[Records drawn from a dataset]

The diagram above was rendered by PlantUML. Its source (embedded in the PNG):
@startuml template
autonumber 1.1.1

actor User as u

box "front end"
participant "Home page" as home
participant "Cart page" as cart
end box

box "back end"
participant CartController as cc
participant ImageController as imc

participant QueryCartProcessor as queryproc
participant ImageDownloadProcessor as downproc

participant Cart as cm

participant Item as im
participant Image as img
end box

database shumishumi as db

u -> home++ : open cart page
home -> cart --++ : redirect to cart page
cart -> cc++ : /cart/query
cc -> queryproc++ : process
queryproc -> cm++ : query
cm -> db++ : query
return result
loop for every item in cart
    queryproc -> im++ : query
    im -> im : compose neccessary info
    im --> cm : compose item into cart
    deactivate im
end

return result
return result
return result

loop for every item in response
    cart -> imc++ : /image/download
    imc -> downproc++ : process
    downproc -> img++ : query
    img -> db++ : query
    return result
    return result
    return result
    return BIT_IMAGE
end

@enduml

→ **What the task asks**
What is the number of lines in the data above that contain the word "page"? Report the figure only.

→ **Solved problem**
4